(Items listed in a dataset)

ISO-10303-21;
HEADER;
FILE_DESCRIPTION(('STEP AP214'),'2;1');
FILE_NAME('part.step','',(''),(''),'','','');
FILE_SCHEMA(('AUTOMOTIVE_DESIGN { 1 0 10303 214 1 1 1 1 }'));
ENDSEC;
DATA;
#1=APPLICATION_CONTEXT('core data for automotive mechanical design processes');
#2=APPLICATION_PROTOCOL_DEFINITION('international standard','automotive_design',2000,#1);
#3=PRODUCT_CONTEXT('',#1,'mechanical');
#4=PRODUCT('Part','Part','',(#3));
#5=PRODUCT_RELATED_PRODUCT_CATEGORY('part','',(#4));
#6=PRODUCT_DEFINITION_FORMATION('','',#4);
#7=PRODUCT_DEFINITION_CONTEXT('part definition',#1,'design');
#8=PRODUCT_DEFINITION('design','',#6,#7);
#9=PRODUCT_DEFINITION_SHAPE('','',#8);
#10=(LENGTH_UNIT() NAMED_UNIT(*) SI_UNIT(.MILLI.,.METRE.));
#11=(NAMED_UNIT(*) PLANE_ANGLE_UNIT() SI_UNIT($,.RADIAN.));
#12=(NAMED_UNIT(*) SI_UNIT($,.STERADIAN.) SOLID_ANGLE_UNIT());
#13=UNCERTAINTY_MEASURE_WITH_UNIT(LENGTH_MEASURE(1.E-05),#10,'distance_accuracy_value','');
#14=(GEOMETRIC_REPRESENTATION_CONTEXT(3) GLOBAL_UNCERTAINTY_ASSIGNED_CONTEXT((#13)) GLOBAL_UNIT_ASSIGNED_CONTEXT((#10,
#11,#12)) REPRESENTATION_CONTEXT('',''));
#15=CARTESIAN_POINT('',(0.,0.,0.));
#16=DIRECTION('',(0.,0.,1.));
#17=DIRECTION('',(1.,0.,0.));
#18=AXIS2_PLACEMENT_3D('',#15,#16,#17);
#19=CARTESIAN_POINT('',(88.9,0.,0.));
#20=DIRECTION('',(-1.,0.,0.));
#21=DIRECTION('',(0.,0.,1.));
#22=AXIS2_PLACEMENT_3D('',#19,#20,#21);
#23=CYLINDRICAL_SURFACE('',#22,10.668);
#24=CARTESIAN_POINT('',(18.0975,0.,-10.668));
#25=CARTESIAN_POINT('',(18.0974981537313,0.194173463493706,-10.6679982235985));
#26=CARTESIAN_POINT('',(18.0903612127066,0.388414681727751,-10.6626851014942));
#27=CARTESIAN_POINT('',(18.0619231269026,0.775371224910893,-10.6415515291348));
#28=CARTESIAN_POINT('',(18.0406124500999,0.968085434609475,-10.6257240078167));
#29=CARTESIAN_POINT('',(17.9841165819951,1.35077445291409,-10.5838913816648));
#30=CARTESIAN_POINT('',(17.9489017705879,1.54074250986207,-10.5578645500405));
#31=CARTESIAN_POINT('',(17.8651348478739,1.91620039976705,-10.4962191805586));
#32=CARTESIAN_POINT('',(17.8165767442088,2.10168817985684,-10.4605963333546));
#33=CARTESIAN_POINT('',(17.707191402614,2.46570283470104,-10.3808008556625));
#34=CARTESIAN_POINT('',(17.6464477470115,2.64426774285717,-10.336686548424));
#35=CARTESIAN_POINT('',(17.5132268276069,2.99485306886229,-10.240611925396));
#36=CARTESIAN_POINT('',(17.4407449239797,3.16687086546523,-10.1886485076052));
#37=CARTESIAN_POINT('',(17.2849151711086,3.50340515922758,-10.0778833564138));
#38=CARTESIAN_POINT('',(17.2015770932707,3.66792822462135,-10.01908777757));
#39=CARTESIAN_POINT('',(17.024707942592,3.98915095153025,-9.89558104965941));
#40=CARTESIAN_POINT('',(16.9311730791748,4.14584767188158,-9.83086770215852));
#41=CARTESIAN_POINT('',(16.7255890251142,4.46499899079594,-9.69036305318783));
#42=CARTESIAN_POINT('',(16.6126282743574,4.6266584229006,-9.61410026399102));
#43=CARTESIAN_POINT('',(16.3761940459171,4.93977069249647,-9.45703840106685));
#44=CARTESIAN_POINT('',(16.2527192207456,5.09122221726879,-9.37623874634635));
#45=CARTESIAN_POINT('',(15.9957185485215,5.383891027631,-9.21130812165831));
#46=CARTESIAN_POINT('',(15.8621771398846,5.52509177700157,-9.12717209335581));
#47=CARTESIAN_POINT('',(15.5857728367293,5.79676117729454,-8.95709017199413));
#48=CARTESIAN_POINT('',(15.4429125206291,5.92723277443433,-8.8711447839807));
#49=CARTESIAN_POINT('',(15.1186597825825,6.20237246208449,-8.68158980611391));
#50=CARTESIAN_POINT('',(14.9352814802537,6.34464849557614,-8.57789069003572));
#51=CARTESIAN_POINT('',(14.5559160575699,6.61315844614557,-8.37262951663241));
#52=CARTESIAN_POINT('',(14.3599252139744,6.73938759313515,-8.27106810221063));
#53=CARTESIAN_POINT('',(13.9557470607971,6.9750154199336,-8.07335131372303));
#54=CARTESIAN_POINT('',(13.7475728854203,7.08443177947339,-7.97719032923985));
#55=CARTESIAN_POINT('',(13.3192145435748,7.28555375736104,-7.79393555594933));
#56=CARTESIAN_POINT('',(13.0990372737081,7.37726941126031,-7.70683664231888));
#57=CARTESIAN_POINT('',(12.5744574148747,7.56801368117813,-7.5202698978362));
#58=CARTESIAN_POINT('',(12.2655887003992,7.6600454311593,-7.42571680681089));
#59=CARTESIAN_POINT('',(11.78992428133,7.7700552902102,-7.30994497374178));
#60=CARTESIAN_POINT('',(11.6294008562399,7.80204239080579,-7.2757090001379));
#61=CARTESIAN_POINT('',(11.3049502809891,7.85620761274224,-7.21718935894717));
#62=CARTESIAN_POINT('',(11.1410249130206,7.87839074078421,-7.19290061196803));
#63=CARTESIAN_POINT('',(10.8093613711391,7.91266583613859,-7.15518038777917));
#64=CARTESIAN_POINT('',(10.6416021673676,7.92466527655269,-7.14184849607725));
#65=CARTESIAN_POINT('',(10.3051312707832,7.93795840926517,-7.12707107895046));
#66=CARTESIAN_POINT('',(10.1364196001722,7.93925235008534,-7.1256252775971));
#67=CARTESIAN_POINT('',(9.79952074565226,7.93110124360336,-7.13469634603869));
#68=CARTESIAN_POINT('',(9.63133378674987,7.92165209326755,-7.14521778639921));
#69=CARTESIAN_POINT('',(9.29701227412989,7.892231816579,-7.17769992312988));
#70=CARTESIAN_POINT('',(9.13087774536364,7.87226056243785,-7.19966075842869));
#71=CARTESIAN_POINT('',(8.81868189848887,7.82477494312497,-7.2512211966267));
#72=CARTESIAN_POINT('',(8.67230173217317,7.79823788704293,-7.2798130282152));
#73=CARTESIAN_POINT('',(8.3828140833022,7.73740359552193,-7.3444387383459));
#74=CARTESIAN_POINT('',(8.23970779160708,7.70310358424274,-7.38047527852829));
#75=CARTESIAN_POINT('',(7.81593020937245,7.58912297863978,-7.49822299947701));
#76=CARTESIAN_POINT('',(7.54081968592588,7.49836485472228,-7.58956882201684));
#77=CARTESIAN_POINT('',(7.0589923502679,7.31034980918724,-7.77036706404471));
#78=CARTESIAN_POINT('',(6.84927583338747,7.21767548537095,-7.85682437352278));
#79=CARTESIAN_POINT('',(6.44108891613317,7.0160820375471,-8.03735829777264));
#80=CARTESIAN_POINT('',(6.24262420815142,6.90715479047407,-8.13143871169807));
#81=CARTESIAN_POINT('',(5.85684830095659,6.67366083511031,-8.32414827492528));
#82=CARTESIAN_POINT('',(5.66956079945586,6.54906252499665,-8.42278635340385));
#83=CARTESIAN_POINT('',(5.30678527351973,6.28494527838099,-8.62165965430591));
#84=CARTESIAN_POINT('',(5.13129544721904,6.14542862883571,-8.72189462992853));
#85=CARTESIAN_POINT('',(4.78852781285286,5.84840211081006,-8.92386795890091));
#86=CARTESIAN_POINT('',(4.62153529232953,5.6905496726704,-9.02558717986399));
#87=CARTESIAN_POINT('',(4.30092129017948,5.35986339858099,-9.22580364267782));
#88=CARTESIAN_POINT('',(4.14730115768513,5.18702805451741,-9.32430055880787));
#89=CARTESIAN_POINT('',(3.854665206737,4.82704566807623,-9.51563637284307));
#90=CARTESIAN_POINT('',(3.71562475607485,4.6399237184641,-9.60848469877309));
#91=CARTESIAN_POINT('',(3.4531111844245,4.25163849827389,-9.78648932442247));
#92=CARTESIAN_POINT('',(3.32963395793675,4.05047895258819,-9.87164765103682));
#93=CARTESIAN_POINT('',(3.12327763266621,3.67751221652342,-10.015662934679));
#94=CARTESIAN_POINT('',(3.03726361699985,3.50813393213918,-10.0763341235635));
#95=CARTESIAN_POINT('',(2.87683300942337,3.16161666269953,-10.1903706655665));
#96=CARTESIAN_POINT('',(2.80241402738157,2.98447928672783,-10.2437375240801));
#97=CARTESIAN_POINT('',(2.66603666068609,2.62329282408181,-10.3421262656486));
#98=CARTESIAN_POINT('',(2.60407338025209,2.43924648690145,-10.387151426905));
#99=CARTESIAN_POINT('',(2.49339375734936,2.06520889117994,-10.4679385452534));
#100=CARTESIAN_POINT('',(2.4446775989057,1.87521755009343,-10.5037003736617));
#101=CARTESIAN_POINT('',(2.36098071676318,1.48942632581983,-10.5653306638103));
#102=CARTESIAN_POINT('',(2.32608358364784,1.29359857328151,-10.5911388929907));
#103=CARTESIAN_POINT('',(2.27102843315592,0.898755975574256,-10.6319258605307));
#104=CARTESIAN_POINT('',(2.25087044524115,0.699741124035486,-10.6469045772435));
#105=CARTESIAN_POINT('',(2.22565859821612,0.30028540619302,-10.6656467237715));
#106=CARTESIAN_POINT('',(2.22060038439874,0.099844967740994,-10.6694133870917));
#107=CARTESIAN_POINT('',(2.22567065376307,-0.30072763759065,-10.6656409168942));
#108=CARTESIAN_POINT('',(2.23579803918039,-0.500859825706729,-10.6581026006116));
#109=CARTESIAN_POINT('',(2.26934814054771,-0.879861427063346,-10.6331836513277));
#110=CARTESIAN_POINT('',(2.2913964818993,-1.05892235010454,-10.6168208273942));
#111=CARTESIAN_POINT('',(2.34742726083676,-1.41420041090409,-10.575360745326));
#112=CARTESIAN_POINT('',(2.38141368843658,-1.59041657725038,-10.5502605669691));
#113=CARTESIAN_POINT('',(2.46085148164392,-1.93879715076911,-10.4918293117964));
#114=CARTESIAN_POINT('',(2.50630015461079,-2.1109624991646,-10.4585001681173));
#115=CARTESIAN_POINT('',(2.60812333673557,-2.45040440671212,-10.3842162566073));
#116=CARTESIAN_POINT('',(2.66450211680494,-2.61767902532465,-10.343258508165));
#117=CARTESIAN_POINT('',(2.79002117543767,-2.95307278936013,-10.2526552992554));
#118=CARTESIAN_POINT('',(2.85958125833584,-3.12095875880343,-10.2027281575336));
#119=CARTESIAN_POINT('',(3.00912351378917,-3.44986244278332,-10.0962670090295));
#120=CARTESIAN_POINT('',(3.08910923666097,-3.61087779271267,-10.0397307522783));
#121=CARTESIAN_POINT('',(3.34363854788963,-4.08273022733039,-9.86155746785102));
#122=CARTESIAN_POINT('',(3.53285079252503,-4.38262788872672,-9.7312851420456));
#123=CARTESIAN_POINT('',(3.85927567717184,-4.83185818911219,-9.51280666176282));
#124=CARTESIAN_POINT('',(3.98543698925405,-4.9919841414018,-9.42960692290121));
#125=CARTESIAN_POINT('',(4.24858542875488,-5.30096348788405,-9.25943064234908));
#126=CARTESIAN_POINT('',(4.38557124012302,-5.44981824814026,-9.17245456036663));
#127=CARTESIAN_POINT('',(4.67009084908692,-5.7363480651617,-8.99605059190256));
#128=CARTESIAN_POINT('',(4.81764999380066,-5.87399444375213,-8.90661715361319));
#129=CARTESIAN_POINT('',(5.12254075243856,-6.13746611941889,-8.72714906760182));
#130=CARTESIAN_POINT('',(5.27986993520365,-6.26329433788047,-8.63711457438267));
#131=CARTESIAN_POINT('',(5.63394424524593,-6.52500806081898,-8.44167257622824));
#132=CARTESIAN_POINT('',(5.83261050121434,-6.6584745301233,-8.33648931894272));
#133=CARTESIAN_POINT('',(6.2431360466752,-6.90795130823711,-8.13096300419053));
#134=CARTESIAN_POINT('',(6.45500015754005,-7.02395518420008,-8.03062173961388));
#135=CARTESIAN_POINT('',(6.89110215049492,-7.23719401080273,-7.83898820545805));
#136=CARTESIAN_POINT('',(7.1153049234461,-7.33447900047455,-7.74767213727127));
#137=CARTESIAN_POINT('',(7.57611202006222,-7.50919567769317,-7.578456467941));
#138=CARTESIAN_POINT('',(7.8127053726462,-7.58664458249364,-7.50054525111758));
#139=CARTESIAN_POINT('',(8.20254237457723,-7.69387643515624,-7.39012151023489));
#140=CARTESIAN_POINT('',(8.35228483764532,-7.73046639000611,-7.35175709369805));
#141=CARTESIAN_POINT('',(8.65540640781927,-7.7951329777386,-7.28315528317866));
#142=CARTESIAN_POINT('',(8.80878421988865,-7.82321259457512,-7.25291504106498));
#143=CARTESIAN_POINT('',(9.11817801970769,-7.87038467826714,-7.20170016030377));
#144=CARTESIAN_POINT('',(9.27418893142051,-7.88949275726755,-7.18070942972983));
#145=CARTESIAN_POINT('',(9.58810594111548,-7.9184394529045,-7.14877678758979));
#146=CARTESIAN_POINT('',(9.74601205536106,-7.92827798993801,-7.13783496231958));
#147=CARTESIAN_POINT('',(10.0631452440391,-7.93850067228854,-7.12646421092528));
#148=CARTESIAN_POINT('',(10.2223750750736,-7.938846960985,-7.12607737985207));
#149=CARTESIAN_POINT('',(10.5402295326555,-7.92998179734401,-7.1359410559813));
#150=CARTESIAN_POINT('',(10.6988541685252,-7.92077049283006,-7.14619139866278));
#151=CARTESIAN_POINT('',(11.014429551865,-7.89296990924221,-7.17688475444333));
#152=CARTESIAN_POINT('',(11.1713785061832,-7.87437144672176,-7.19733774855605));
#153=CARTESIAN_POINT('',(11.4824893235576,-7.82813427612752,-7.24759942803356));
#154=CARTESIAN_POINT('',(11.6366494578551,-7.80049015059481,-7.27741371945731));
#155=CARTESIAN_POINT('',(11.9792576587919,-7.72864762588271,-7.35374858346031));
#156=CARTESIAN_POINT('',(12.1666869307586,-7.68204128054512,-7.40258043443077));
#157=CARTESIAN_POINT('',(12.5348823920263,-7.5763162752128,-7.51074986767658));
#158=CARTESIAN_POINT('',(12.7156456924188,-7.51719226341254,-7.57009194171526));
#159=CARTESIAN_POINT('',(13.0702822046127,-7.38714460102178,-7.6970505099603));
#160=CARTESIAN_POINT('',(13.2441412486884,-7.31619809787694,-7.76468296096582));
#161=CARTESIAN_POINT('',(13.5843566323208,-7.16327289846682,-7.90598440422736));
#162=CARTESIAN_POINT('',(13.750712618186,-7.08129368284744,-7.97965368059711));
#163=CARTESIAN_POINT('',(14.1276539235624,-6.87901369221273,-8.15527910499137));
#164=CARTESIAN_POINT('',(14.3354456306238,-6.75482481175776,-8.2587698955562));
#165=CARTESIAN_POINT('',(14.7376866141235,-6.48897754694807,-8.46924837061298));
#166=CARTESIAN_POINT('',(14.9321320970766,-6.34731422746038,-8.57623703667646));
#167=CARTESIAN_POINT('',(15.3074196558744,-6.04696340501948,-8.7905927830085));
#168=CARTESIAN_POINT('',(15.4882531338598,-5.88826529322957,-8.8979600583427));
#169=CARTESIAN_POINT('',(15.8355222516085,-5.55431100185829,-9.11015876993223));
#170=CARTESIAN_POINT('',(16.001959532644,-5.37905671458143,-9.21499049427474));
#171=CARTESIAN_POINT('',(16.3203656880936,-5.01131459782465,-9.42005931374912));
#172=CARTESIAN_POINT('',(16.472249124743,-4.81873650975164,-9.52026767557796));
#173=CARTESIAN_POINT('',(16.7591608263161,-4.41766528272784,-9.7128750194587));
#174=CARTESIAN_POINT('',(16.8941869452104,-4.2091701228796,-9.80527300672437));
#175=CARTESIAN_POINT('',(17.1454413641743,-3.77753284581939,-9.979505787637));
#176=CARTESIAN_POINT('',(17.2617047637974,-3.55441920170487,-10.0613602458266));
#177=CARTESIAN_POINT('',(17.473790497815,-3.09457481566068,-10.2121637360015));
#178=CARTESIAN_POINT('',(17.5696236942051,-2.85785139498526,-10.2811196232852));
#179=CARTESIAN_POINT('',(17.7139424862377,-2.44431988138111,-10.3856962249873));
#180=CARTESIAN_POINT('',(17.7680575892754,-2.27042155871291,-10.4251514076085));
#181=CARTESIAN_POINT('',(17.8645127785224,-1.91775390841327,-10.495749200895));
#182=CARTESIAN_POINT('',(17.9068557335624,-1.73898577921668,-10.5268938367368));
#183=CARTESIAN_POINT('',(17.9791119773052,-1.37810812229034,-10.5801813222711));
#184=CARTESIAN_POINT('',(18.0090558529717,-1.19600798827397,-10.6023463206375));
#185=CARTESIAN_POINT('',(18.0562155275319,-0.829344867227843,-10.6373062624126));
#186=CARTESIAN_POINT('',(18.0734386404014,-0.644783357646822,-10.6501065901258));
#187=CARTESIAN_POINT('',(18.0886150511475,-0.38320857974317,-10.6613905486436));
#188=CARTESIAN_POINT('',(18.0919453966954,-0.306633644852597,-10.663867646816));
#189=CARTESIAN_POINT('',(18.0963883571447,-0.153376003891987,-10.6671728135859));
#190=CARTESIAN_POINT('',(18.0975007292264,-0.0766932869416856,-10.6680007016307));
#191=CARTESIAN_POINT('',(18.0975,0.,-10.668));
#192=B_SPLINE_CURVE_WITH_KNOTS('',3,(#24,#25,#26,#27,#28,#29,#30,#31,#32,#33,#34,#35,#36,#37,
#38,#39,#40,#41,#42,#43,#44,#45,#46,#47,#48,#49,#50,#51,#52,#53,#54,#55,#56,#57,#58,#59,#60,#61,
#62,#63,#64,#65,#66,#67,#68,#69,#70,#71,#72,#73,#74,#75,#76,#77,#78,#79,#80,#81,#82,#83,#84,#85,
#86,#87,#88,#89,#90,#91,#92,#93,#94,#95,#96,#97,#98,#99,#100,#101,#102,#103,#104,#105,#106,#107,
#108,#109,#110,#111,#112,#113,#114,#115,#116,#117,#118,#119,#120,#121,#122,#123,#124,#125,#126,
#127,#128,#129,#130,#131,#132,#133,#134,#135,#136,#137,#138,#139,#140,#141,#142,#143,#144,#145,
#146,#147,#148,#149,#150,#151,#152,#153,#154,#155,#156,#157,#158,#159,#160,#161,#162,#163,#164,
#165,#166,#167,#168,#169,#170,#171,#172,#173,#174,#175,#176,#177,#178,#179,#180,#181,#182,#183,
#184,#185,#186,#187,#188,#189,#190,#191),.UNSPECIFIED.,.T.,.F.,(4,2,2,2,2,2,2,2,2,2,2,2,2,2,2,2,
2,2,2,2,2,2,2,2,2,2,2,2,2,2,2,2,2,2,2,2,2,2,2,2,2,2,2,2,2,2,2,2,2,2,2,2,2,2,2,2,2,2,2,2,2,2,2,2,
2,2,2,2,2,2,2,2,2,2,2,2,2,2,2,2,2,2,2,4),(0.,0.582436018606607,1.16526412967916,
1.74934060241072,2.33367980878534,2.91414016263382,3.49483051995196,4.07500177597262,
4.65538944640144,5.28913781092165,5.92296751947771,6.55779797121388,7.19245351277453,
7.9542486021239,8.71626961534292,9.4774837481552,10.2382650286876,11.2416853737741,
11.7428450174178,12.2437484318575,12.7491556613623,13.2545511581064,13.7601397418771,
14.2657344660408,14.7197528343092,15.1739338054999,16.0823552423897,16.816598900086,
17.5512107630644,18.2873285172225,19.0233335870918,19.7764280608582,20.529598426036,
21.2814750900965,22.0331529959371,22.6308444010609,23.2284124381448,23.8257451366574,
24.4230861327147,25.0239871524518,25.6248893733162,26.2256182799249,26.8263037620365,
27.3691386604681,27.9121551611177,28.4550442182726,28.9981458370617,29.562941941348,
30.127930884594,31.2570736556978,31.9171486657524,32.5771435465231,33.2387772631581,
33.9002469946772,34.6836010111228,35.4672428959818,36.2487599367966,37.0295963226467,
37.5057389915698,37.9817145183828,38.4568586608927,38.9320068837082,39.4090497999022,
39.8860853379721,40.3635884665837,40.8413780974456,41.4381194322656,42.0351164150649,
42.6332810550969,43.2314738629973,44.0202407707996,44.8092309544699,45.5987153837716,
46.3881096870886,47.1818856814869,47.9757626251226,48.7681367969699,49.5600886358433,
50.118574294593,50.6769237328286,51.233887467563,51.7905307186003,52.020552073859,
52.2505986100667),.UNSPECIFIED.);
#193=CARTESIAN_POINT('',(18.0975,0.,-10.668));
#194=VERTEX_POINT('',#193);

[AIM OF THE TASK] Your answer must be the data above, copied exactly from its first line through the line containing "#24=CARTESIAN_POINT('',(18.0975,0.,-10.668));", and nothing more.

[WORKED SOLUTION]
ISO-10303-21;
HEADER;
FILE_DESCRIPTION(('STEP AP214'),'2;1');
FILE_NAME('part.step','',(''),(''),'','','');
FILE_SCHEMA(('AUTOMOTIVE_DESIGN { 1 0 10303 214 1 1 1 1 }'));
ENDSEC;
DATA;
#1=APPLICATION_CONTEXT('core data for automotive mechanical design processes');
#2=APPLICATION_PROTOCOL_DEFINITION('international standard','automotive_design',2000,#1);
#3=PRODUCT_CONTEXT('',#1,'mechanical');
#4=PRODUCT('Part','Part','',(#3));
#5=PRODUCT_RELATED_PRODUCT_CATEGORY('part','',(#4));
#6=PRODUCT_DEFINITION_FORMATION('','',#4);
#7=PRODUCT_DEFINITION_CONTEXT('part definition',#1,'design');
#8=PRODUCT_DEFINITION('design','',#6,#7);
#9=PRODUCT_DEFINITION_SHAPE('','',#8);
#10=(LENGTH_UNIT() NAMED_UNIT(*) SI_UNIT(.MILLI.,.METRE.));
#11=(NAMED_UNIT(*) PLANE_ANGLE_UNIT() SI_UNIT($,.RADIAN.));
#12=(NAMED_UNIT(*) SI_UNIT($,.STERADIAN.) SOLID_ANGLE_UNIT());
#13=UNCERTAINTY_MEASURE_WITH_UNIT(LENGTH_MEASURE(1.E-05),#10,'distance_accuracy_value','');
#14=(GEOMETRIC_REPRESENTATION_CONTEXT(3) GLOBAL_UNCERTAINTY_ASSIGNED_CONTEXT((#13)) GLOBAL_UNIT_ASSIGNED_CONTEXT((#10,
#11,#12)) REPRESENTATION_CONTEXT('',''));
#15=CARTESIAN_POINT('',(0.,0.,0.));
#16=DIRECTION('',(0.,0.,1.));
#17=DIRECTION('',(1.,0.,0.));
#18=AXIS2_PLACEMENT_3D('',#15,#16,#17);
#19=CARTESIAN_POINT('',(88.9,0.,0.));
#20=DIRECTION('',(-1.,0.,0.));
#21=DIRECTION('',(0.,0.,1.));
#22=AXIS2_PLACEMENT_3D('',#19,#20,#21);
#23=CYLINDRICAL_SURFACE('',#22,10.668);
#24=CARTESIAN_POINT('',(18.0975,0.,-10.668));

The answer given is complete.